## TO DO
All lines from the opening of the entries below through the line containing "undefined symbols (not" must be output exactly as they appear, with no other lines.

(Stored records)

··········

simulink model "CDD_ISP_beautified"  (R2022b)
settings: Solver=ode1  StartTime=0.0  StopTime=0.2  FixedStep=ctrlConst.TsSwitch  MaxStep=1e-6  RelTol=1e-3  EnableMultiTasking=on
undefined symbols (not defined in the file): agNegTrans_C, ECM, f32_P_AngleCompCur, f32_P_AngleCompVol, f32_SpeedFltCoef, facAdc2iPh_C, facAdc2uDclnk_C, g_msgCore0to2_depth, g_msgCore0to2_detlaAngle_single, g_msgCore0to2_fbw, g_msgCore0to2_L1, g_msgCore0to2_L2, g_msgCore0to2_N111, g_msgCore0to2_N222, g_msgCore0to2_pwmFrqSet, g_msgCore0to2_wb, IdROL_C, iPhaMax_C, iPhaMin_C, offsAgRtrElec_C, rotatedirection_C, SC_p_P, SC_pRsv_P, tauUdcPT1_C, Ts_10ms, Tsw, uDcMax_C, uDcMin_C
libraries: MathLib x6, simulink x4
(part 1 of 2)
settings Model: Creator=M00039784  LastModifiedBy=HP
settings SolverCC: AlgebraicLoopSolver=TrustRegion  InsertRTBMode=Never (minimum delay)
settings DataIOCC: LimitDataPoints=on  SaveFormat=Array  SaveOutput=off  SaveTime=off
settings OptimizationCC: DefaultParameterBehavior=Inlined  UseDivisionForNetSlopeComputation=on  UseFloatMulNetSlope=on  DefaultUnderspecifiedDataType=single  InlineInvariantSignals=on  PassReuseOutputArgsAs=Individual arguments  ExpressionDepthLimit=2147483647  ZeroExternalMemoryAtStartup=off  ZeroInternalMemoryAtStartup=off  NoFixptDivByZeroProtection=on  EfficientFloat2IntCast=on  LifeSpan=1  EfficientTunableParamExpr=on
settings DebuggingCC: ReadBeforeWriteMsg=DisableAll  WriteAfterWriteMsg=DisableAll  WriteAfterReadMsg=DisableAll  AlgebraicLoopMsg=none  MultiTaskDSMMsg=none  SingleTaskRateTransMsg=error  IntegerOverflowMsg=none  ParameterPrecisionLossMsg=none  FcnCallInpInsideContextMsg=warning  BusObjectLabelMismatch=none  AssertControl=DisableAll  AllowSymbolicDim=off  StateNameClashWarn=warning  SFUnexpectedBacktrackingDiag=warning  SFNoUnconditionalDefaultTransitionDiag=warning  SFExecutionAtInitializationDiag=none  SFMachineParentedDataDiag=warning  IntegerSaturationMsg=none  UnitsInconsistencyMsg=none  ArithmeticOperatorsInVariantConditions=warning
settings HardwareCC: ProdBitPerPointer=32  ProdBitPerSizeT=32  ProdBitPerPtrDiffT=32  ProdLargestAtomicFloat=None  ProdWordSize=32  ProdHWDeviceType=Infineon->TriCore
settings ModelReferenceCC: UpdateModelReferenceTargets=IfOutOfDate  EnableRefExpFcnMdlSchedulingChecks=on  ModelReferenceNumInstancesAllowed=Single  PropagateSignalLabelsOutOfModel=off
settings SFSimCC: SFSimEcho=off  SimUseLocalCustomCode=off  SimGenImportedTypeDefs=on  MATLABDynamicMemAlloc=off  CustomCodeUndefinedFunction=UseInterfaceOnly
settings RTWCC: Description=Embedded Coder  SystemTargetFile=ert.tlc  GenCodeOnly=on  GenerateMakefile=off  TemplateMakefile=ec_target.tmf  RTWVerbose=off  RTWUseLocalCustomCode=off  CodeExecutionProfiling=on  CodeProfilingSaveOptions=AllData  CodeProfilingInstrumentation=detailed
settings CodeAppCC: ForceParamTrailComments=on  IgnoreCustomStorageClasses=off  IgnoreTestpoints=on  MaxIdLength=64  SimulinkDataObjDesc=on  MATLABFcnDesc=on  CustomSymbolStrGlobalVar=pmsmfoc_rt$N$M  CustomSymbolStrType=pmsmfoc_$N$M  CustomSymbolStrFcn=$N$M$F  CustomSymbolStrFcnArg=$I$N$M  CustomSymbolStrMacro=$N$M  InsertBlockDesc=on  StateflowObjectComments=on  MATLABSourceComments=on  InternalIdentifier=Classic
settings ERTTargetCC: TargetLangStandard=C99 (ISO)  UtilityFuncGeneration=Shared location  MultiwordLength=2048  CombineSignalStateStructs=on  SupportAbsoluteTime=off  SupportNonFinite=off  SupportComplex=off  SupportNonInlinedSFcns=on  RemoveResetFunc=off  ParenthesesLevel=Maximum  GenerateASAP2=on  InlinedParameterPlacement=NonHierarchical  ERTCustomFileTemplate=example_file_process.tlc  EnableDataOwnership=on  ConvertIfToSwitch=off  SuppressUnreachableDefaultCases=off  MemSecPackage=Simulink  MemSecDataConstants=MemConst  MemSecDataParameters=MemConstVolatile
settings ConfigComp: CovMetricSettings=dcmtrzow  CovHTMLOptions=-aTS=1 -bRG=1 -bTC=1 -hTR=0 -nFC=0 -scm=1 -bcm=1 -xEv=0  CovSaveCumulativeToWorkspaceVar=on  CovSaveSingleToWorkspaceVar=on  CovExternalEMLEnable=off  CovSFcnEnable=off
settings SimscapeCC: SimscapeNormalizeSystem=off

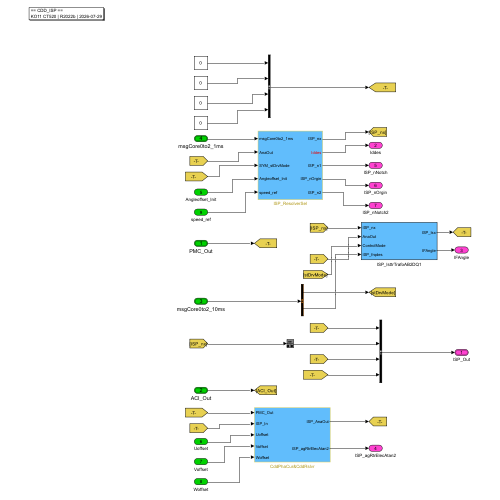
[thumbnail: Simulink's stored preview of the top-level diagram]
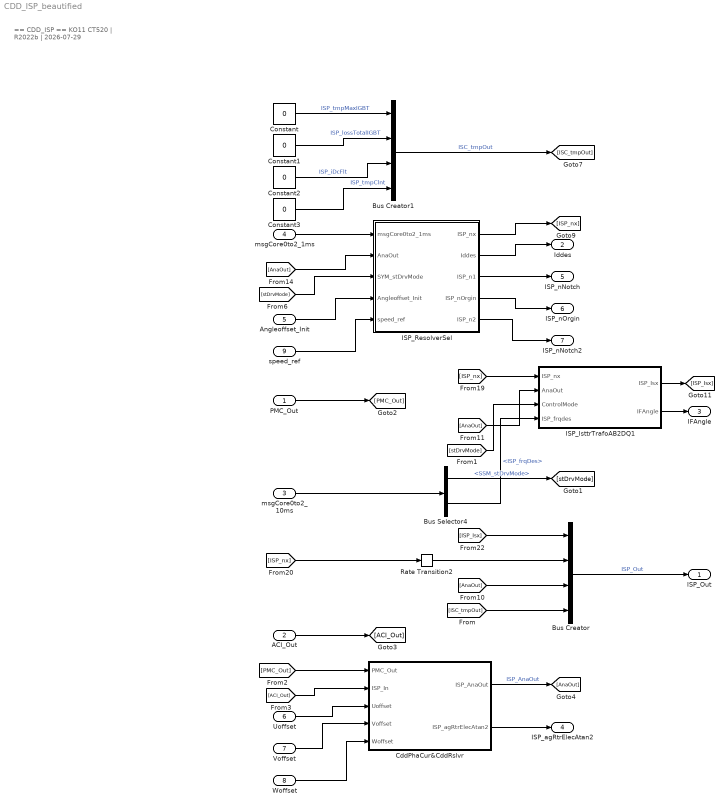
== system CDD_ISP_beautified ==
  note: == CDD_ISP ==
      | KO11 CT520 | R2022b | 2026-07-29
  PMC_Out : Inport  OutDataTypeStr=Bus: Core2_PMC_Out
  ACI_Out : Inport  Port=2  OutDataTypeStr=Bus: Core2_SAQ_Out
  msgCore0to2_10ms : Inport  Port=3  OutDataTypeStr=Bus: Sig10ms02ST  BusOutputAsStruct=on
  msgCore0to2_1ms : Inport  Port=4  OutDataTypeStr=Bus: Sig1ms02ST
  Angleoffset_Init : Inport  Port=5  OutDataTypeStr=int16
  Uoffset : Inport  Port=6
  Voffset : Inport  Port=7
  Woffset : Inport  Port=8
  speed_ref : Inport  Port=9
  Bus Creator : BusCreator  Inputs=4  OutDataTypeStr=Bus: Core2_ISP_Out  NonVirtualBus=on
  Bus Creator1 : BusCreator  Inputs=4  OutDataTypeStr=Bus: Core2_ISC_tmpOut
  Bus Selector4 : BusSelector  OutputSignals=SSM_stDrvMode,ISP_frqDes
  CddPhaCur&CddRslvr : Subsystem
  Constant{,1..3} (4 alike) : Constant  Value=0  OutDataTypeStr=single  SampleTime=-1
  ISP_IsttrTrafoAB2DQ1 : Subsystem
  ISP_ResolverSel : Subsystem
  Rate Transition2 : RateTransition
  ISP_Out : Outport  OutDataTypeStr=Bus: Core2_ISP_Out  VectorParamsAs1DForOutWhenUnconnected=off  BusOutputAsStruct=on
  Iddes : Outport  Port=2
  IFAngle : Outport  Port=3
  ISP_agRtrElecAtan2 : Outport  Port=4
  ISP_nNotch : Outport  Port=5  OutDataTypeStr=single
  ISP_nOrgin : Outport  Port=6  OutDataTypeStr=single
  ISP_nNotch2 : Outport  Port=7  OutDataTypeStr=single
  wires:
  ISP_ResolverSel/2(Iddes) -> Iddes/1
  [AnaOut] -> ISP_ResolverSel/2(AnaOut)
  ISP_ResolverSel/4(ISP_nOrgin) -> ISP_nOrgin/1
  ACI_Out/1 -> [ACI_Out]
  Constant/1 -> Bus Creator1/1  "ISP_tmpMaxIGBT"
  Constant1/1 -> Bus Creator1/2  "ISP_lossTotalIGBT"
  Angleoffset_Init/1 -> ISP_ResolverSel/4(Angleoffset_Init)
  speed_ref/1 -> ISP_ResolverSel/5(speed_ref)
  msgCore0to2_1ms/1 -> ISP_ResolverSel/1(msgCore0to2_1ms)
  Constant2/1 -> Bus Creator1/3  "ISP_iDcFlt"
  Constant3/1 -> Bus Creator1/4  "ISP_tmpClnt"
  [stDrvMode] -> ISP_ResolverSel/3(SYM_stDrvMode)
  PMC_Out/1 -> [PMC_Out]
  Woffset/1 -> CddPhaCur&CddRslvr/5(Woffset)
  msgCore0to2_10ms/1 -> Bus Selector4/1
  [ISP_nx] -> Rate Transition2/1
  [PMC_Out] -> CddPhaCur&CddRslvr/1(PMC_Out)
  [ACI_Out] -> CddPhaCur&CddRslvr/2(ISP_In)
  Uoffset/1 -> CddPhaCur&CddRslvr/3(Uoffset)
  Voffset/1 -> CddPhaCur&CddRslvr/4(Voffset)
  Bus Creator1/1 -> [ISC_tmpOut]  "ISC_tmpOut"
  ISP_ResolverSel/1(ISP_nx) -> [ISP_nx]
  ISP_ResolverSel/3(ISP_n1) -> ISP_nNotch/1
  Rate Transition2/1 -> Bus Creator/2
  ISP_ResolverSel/5(ISP_n2) -> ISP_nNotch2/1
  [ISP_nx] -> ISP_IsttrTrafoAB2DQ1/1(ISP_nx)
  [AnaOut] -> ISP_IsttrTrafoAB2DQ1/2(AnaOut)
  [stDrvMode] -> ISP_IsttrTrafoAB2DQ1/3(ControlMode)
  Bus Selector4/1 -> [stDrvMode]  "<SSM_stDrvMode>"
  Bus Selector4/2 -> ISP_IsttrTrafoAB2DQ1/4(ISP_frqdes)  "<ISP_frqDes>"
  CddPhaCur&CddRslvr/1(ISP_AnaOut) -> [AnaOut]  "ISP_AnaOut"
  [ISP_Isx] -> Bus Creator/1
  [AnaOut] -> Bus Creator/3
  [ISC_tmpOut] -> Bus Creator/4
  CddPhaCur&CddRslvr/2(ISP_agRtrElecAtan2) -> ISP_agRtrElecAtan2/1
  ISP_IsttrTrafoAB2DQ1/1(ISP_Isx) -> [ISP_Isx]
  ISP_IsttrTrafoAB2DQ1/2(IFAngle) -> IFAngle/1
  Bus Creator/1 -> ISP_Out/1  "ISP_Out"

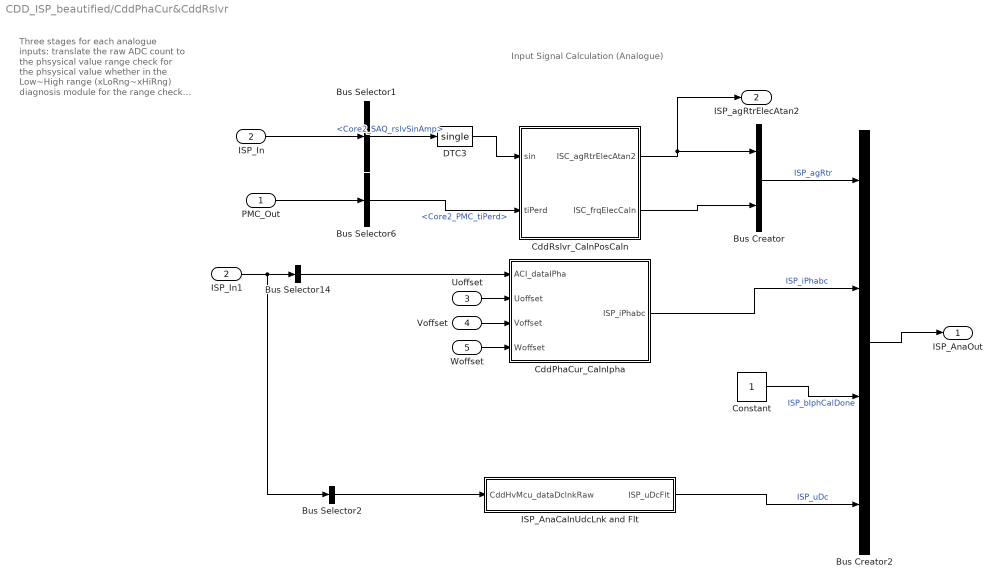
== system CDD_ISP_beautified/CddPhaCur&CddRslvr ==
  note: Input Signal Calculation (Analogue)
  note: Three stages for each analogue inputs:
      | translate the raw ADC count to the phsysical value
      | range check for the phsysical value whether in the Low~High range (xLoRng~xHiRng)
      | diagnosis module for the range check result. The module is in Cyan background
  PMC_Out : Inport
  ISP_In : Inport  Port=2
  Uoffset : Inport  Port=3
  Voffset : Inport  Port=4
  Woffset : Inport  Port=5
  Bus Creator : BusCreator  Inputs=2  OutDataTypeStr=Bus: Core2_ISP_agRtr  NonVirtualBus=on
  Bus Creator2 : BusCreator  Inputs=4  OutDataTypeStr=Bus: Core2_ISP_AnaOut  NonVirtualBus=on
  Bus Selector1 : BusSelector  OutputSignals=Core2_SAQ_rslvSinAmp
  Bus Selector14 : BusSelector  OutputSignals=Core2_SAQ_iPhaU,Core2_SAQ_iPhaV,Core2_SAQ_iPhaW  OutputAsBus=on
  Bus Selector2 : BusSelector  OutputSignals=Core2_SAQ_HVU  OutputAsBus=on
  Bus Selector6 : BusSelector  OutputSignals=Core2_PMC_tiPerd
  CddPhaCur_CalnIpha : Subsystem
  CddRslvr_CalnPosCaln : Subsystem  SystemSampleTime=Tsw
      settings: RTWSystemCode=Nonreusable function
  Constant : Constant  OutDataTypeStr=boolean
  DTC3 : DataTypeConversion  OutDataTypeStr=single  SaturateOnIntegerOverflow=off  RndMeth=Floor
  ISP_AnaCalnUdcLnk and Flt : Subsystem  SystemSampleTime=Tsw
  ISP_In1 : InportShadow  Port=2
  ISP_AnaOut : Outport  OutDataTypeStr=Bus: Core2_ISP_AnaOut  VectorParamsAs1DForOutWhenUnconnected=off
  ISP_agRtrElecAtan2 : Outport  Port=2
  wires:
  ISP_AnaCalnUdcLnk and Flt/1(ISP_uDcFlt) -> Bus Creator2/4  "ISP_uDc"
  CddPhaCur_CalnIpha/1(ISP_iPhabc) -> Bus Creator2/2  "ISP_iPhabc"
  Bus Creator/1 -> Bus Creator2/1  "ISP_agRtr"
  CddRslvr_CalnPosCaln/1(ISC_agRtrElecAtan2) -> ISP_agRtrElecAtan2/1, Bus Creator/1
  CddRslvr_CalnPosCaln/2(ISC_frqElecCaln) -> Bus Creator/2
  ISP_In/1 -> Bus Selector1/1
  Bus Selector14/1 -> CddPhaCur_CalnIpha/1(ACI_dataIPha)
  Bus Selector2/1 -> ISP_AnaCalnUdcLnk and Flt/1(CddHvMcu_dataDclnkRaw)
  Bus Creator2/1 -> ISP_AnaOut/1
  Bus Selector1/1 -> DTC3/1  "<Core2_SAQ_rslvSinAmp>"
  PMC_Out/1 -> Bus Selector6/1
  Bus Selector6/1 -> CddRslvr_CalnPosCaln/2(tiPerd)  "<Core2_PMC_tiPerd>"
  Constant/1 -> Bus Creator2/3  "ISP_bIphCalDone"
  DTC3/1 -> CddRslvr_CalnPosCaln/1(sin)
  ISP_In1/1 -> Bus Selector2/1, Bus Selector14/1
  Uoffset/1 -> CddPhaCur_CalnIpha/2(Uoffset)
  Voffset/1 -> CddPhaCur_CalnIpha/3(Voffset)
  Woffset/1 -> CddPhaCur_CalnIpha/4(Woffset)

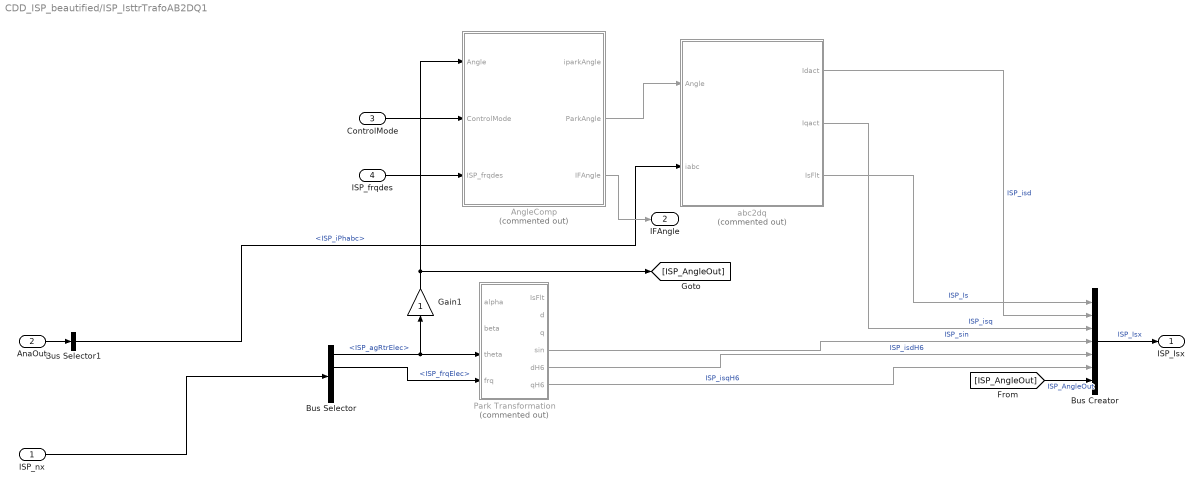
== system CDD_ISP_beautified/ISP_IsttrTrafoAB2DQ1 ==
  ISP_nx : Inport
  AnaOut : Inport  Port=2
  ControlMode : Inport  Port=3
  ISP_frqdes : Inport  Port=4
  AngleComp : Subsystem  Commented=on  TreatAsAtomicUnit=on
  Bus Creator : BusCreator  Inputs=7  OutDataTypeStr=Bus: Core2_ISP_Isx  NonVirtualBus=on
  Bus Selector : BusSelector  OutputSignals=ISP_agRtrElec,ISP_frqElec,ISP_wElec,ISP_n
  Bus Selector1 : BusSelector  OutputSignals=ISP_iPhabc
  Gain1 : Gain  OutDataTypeStr=uint16
  Park Transformation : Subsystem  Commented=on
  abc2dq : Subsystem  Commented=on
  ISP_Isx : Outport  VectorParamsAs1DForOutWhenUnconnected=off
  IFAngle : Outport  Port=2
  wires:
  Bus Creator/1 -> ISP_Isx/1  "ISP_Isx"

··········

## SOLUTION
simulink model "CDD_ISP_beautified"  (R2022b)
settings: Solver=ode1  StartTime=0.0  StopTime=0.2  FixedStep=ctrlConst.TsSwitch  MaxStep=1e-6  RelTol=1e-3  EnableMultiTasking=on
undefined symbols (not defined in the file): agNegTrans_C, ECM, f32_P_AngleCompCur, f32_P_AngleCompVol, f32_SpeedFltCoef, facAdc2iPh_C, facAdc2uDclnk_C, g_msgCore0to2_depth, g_msgCore0to2_detlaAngle_single, g_msgCore0to2_fbw, g_msgCore0to2_L1, g_msgCore0to2_L2, g_msgCore0to2_N111, g_msgCore0to2_N222, g_msgCore0to2_pwmFrqSet, g_msgCore0to2_wb, IdROL_C, iPhaMax_C, iPhaMin_C, offsAgRtrElec_C, rotatedirection_C, SC_p_P, SC_pRsv_P, tauUdcPT1_C, Ts_10ms, Tsw, uDcMax_C, uDcMin_C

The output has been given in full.